In practice, optional relationships are generally considered to be those in which it an occurrence of the detail entity can exist without its corresponding master. In a one-to-many relationship, the connecting line between the master and detail entities is usually shown as a solid line if the relationship is mandatory, and a broken line if the relationship is optional.
There are four possible states for one-to-many relationships
Sometimes, it is possible for an entity to have a relationship with one entity that precludes a relationship with another entity, or vice versa. Consider the LDS below. The detail entity B can be in a relationship with master entity A or with master entity C, but not with both. The arc on each of the connecting lines (identified in this case by the letter a) indicates that these relationships are mutually exclusive.
Mutually exclusive relationships
In some cases, multiple relationships can exist between the same pair of entities, where the only other way of avoiding a many-to-many relationship would be to create an artificial link entity. Think about trying to model the relationship between teams in a local football league and fixtures. Every team in the league will have many fixtures, and each fixture will involve two teams. We thus appear to have a many-to-many relationship between "Team" and "Fixture".
Rather than create an artificial link entity to eliminate the many-to-many relationship, we can use the fact that only two teams can be involved in any one fixture and create two one-to-many relationships as shown below. When two or more relationships exist between entities in this way, it is a good idea to label them to avoid confusion.
Entities can be linked by multiple relationships
Logical data structure diagrams should be easy to understand. They should, as far as possible, be drawn so that the lines representing relationships do not cross. Entities that relate to the same area of business activity should be grouped together (this will often occur naturally, since they will tend to have relationships with one another). One of the conventions used when drawing the LDS is to try to place the crow's feet so that they appear on the top of the detail entity in a one-to-many relationship. This makes the diagram easier to follow, since master entities will always be above their detail entities.
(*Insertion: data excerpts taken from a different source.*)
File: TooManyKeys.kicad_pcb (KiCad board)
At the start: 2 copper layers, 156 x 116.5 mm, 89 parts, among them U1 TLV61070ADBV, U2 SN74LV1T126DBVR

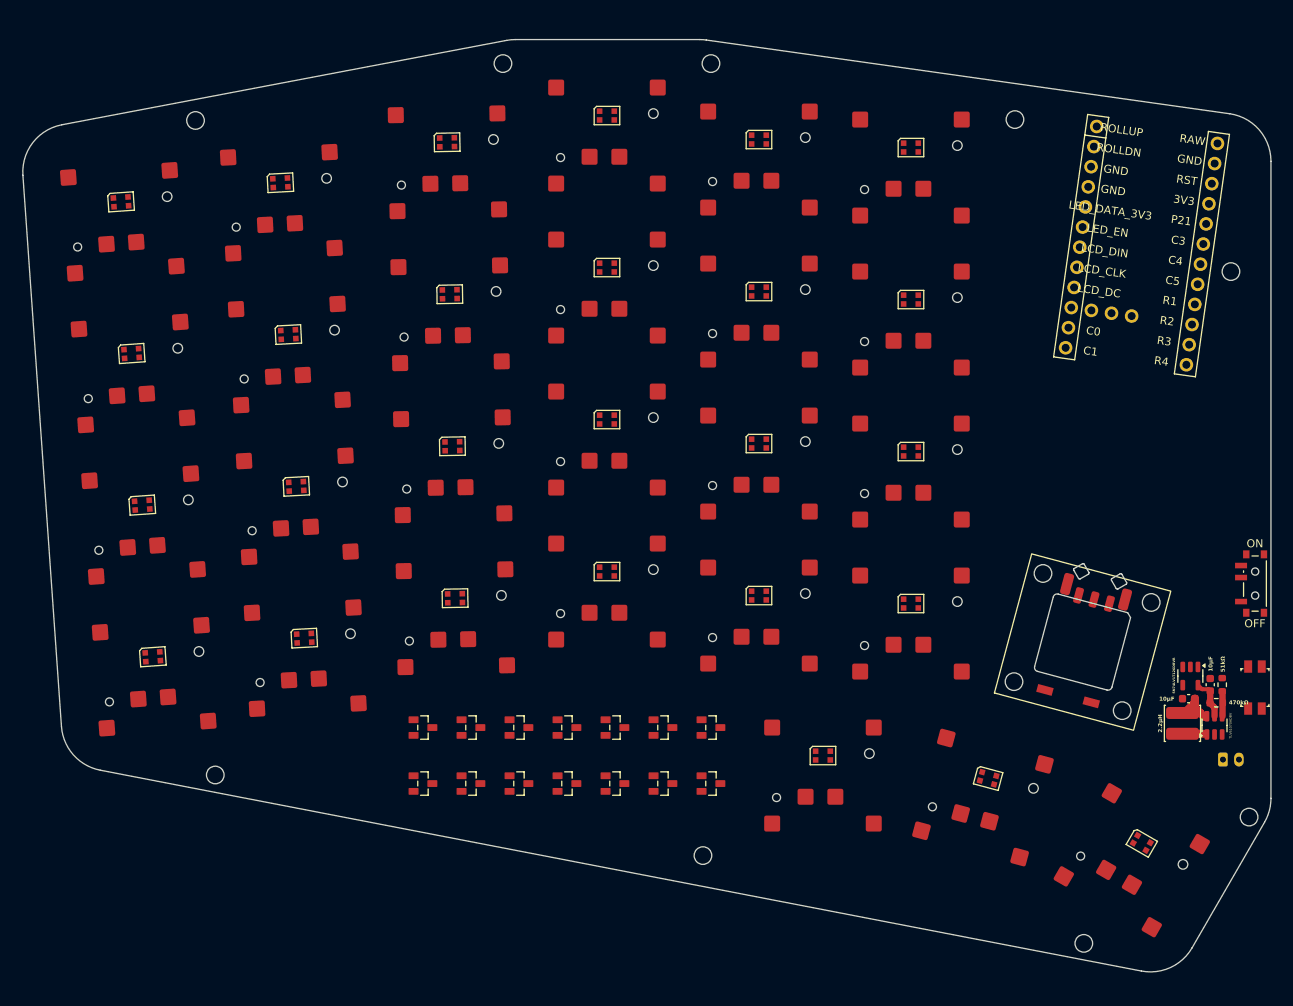
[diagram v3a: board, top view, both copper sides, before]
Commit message: Complete draft 3 of routing, near complete. Fix pad positions on roller encoder.
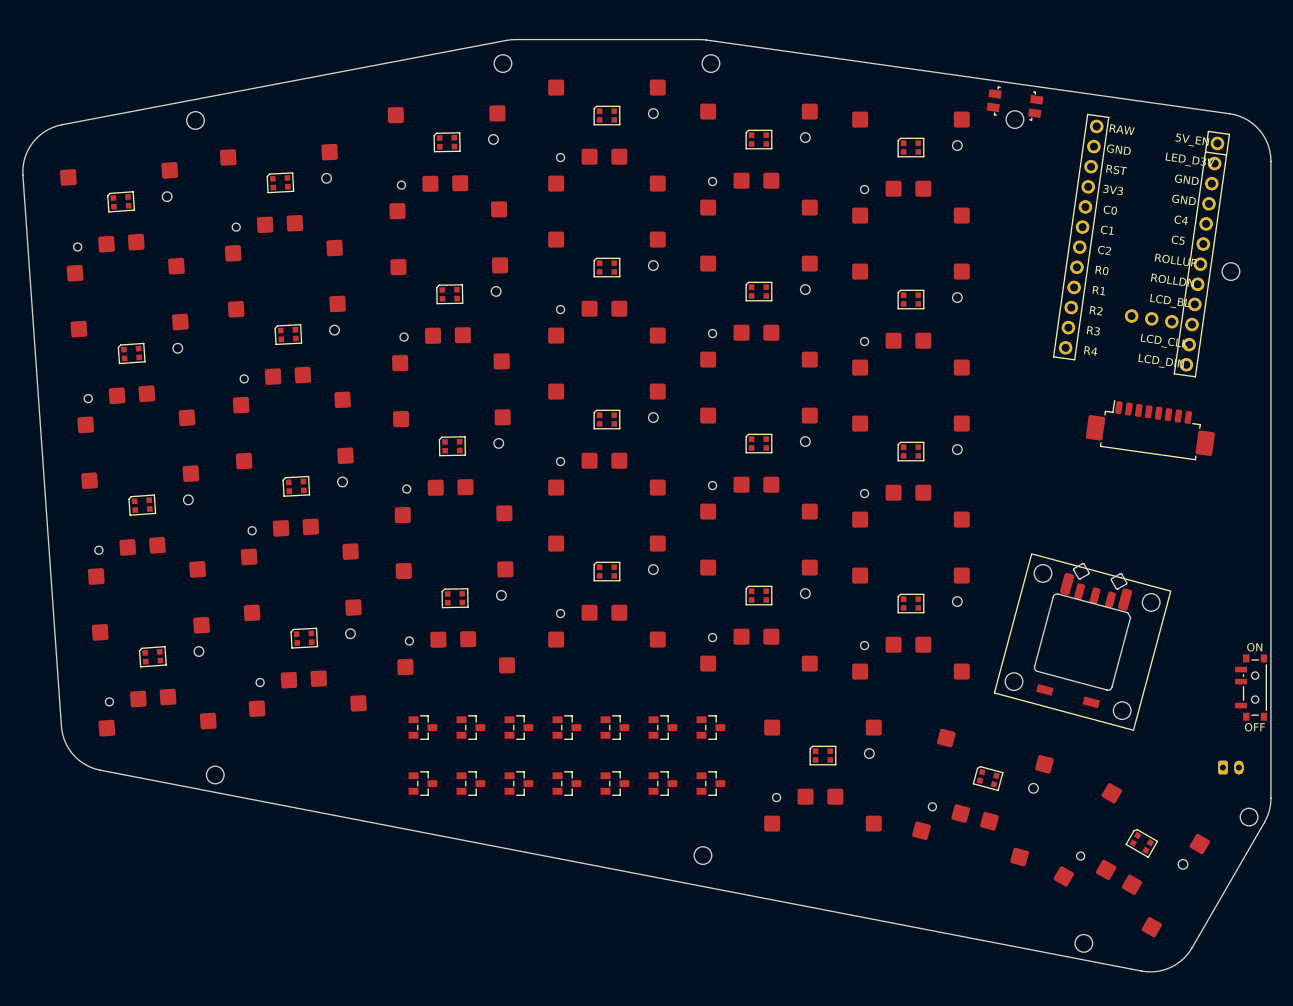
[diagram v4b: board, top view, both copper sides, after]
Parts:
- removed C1, C2: 10μF, Capacitor_SMD:C_0603_1608Metric
- removed L1: 2.2μH, huntercook:L_CJIANG_FTC404030S_4.1x4.1x3.0_SMD
- removed R1: 470kΩ, Resistor_SMD:R_0603_1608Metric
- removed R2: 51kΩ, Resistor_SMD:R_0603_1608Metric
- removed U1: TLV61070ADBV, Package_TO_SOT_SMD:SOT-23-6
- removed U2: SN74LV1T126DBVR, Package_TO_SOT_SMD:SOT-23-5
- added CONN1: , Molex_PicoBlade_53261-0871_1x08-1MP_P1.25mm_Horizontal, F.Cu at (184.6, 129.4)
- moved RST1 78.9 mm to (167.6, 88.4), turned to -8 degrees
- moved D7 36.7 mm to (93.6, 173.4)
- moved PWR1 13.0 mm to (197.6, 161.4)
- moved D13 9.22 mm to (129.6, 166.4)
- moved D10 6.00 mm to (111.6, 173.4)
- moved D11 6.00 mm to (117.6, 173.4)
- moved D12 6.00 mm to (123.6, 173.4)
- moved D8 6.00 mm to (99.6, 173.4)
- moved D9 6.00 mm to (105.6, 173.4)
- moved JST1 1.00 mm to (194.6, 171.4)
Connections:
- net LED_PWR renamed 5V
- D1 pad 1: finger_outer_num -> finger_pinky_num
- D1 pad 2: finger_pinky_num -> finger_outer_num
- D1 pad 3: R1 -> R0
- D10 pad 1: finger_outer_bottom -> finger_pinky_bottom
- D10 pad 3: R1 -> R3
- D11 pad 1: finger_ring_bottom -> finger_middle_bottom
- D11 pad 2: finger_middle_bottom -> finger_ring_bottom
- D11 pad 3: R1 -> R3
- D12 pad 1: finger_index_bottom -> finger_inner_bottom
- D12 pad 2: finger_inner_bottom -> finger_index_bottom
- D12 pad 3: R1 -> R3
- D13 pad 1: thumb_near_fan -> roller
- D13 pad 2: thumb_mid_fan -> thumb_near_fan
- D13 pad 3: R1 -> R4
- D14 pad 1: thumb_far_fan -> thumb_mid_fan
- D14 pad 2: roller -> thumb_far_fan
- D14 pad 3: R1 -> R4
- D2 pad 1: finger_ring_num -> finger_middle_num
- D2 pad 2: finger_middle_num -> finger_ring_num
- D2 pad 3: R1 -> R0
- D3 pad 1: finger_index_num -> finger_inner_num
- D3 pad 2: finger_inner_num -> finger_index_num
- D3 pad 3: R1 -> R0
- D4 pad 1: finger_outer_top -> finger_pinky_top
- D5 pad 1: finger_ring_top -> finger_middle_top
- D5 pad 2: finger_middle_top -> finger_ring_top
- D6 pad 1: finger_index_top -> finger_inner_top
- D6 pad 2: finger_inner_top -> finger_index_top
- D7 pad 1: finger_outer_home -> finger_pinky_home
- D7 pad 3: R1 -> R2
- D8 pad 1: finger_ring_home -> finger_middle_home
- D8 pad 2: finger_middle_home -> finger_ring_home
- D8 pad 3: R1 -> R2
- D9 pad 1: finger_index_home -> finger_inner_home
- D9 pad 2: finger_inner_home -> finger_index_home
- D9 pad 3: R1 -> R2
- LED27 pad 1: LED_DATA_5V -> LED_D5V
- MCU1 pad 1: RAW -> 5V_EN
- MCU1 pad 10: R2 -> LCD_DC
- MCU1 pad 11: R3 -> LCD_CLK
- MCU1 pad 12: R4 -> LCD_DIN
- MCU1 pad 13: C1 -> R4
- MCU1 pad 14: C0 -> R3
- MCU1 pad 15: LCD_BL -> R2
- MCU1 pad 16: LCD_DC -> R1
- MCU1 pad 17: LCD_CLK -> R0
- MCU1 pad 18: LCD_DIN -> C2
- MCU1 pad 19: LED_EN -> C1
- MCU1 pad 2: GND -> LED_D3V
- MCU1 pad 20: LED_DATA_3V3 -> C0
- MCU1 pad 21: GND -> 3V3
- MCU1 pad 22: GND -> RST
- MCU1 pad 23: ROLLDN -> GND
- MCU1 pad 24: ROLLUP -> RAW
- MCU1 pad 25: LCD_CS -> LCD_RST
- MCU1 pad 26: LCD_RST -> LCD_CS
- MCU1 pad 27: C2 -> C3
- MCU1 pad 3: RST -> GND
- MCU1 pad 4: 3V3 -> GND
- MCU1 pad 5: P21 -> C4
- MCU1 pad 6: C3 -> C5
- MCU1 pad 7: C4 -> ROLLUP
- MCU1 pad 8: C5 -> ROLLDN
- MCU1 pad 9: R1 -> LCD_BL
- PWR1 pad 2: RAW -> BAT_P
- PWR1 pad 3: BAT_P -> RAW
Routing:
- net RAW: track 7.58 -> 0.00 mm
- net V_OUT: track 5.28 -> 0.00 mm
- net Net-(U1-V_{FB}): track 3.14 -> 0.00 mm
- net Net-(U1-SW): track 2.75 -> 0.00 mm

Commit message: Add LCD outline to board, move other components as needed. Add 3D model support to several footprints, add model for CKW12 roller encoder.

The LDS should be validated against the data flow diagrams to ensure that all of the processing shown in the DFDs is fully supported. The data items required for the processing must be included in entities, and the relationships between entities must be in place to enable the all of the required data retrieval operations.
The documentation required to support the LDS will include an entity description for each entity in the LDS. The description should include the names of any master and detail entities with which the entity being described has a relationship, volumetric information about the entity (the average and maximum number of occurrences for the entity), a list of the entity's attributes, and the identity of the attribute (or attributes) used as the entity's primary key.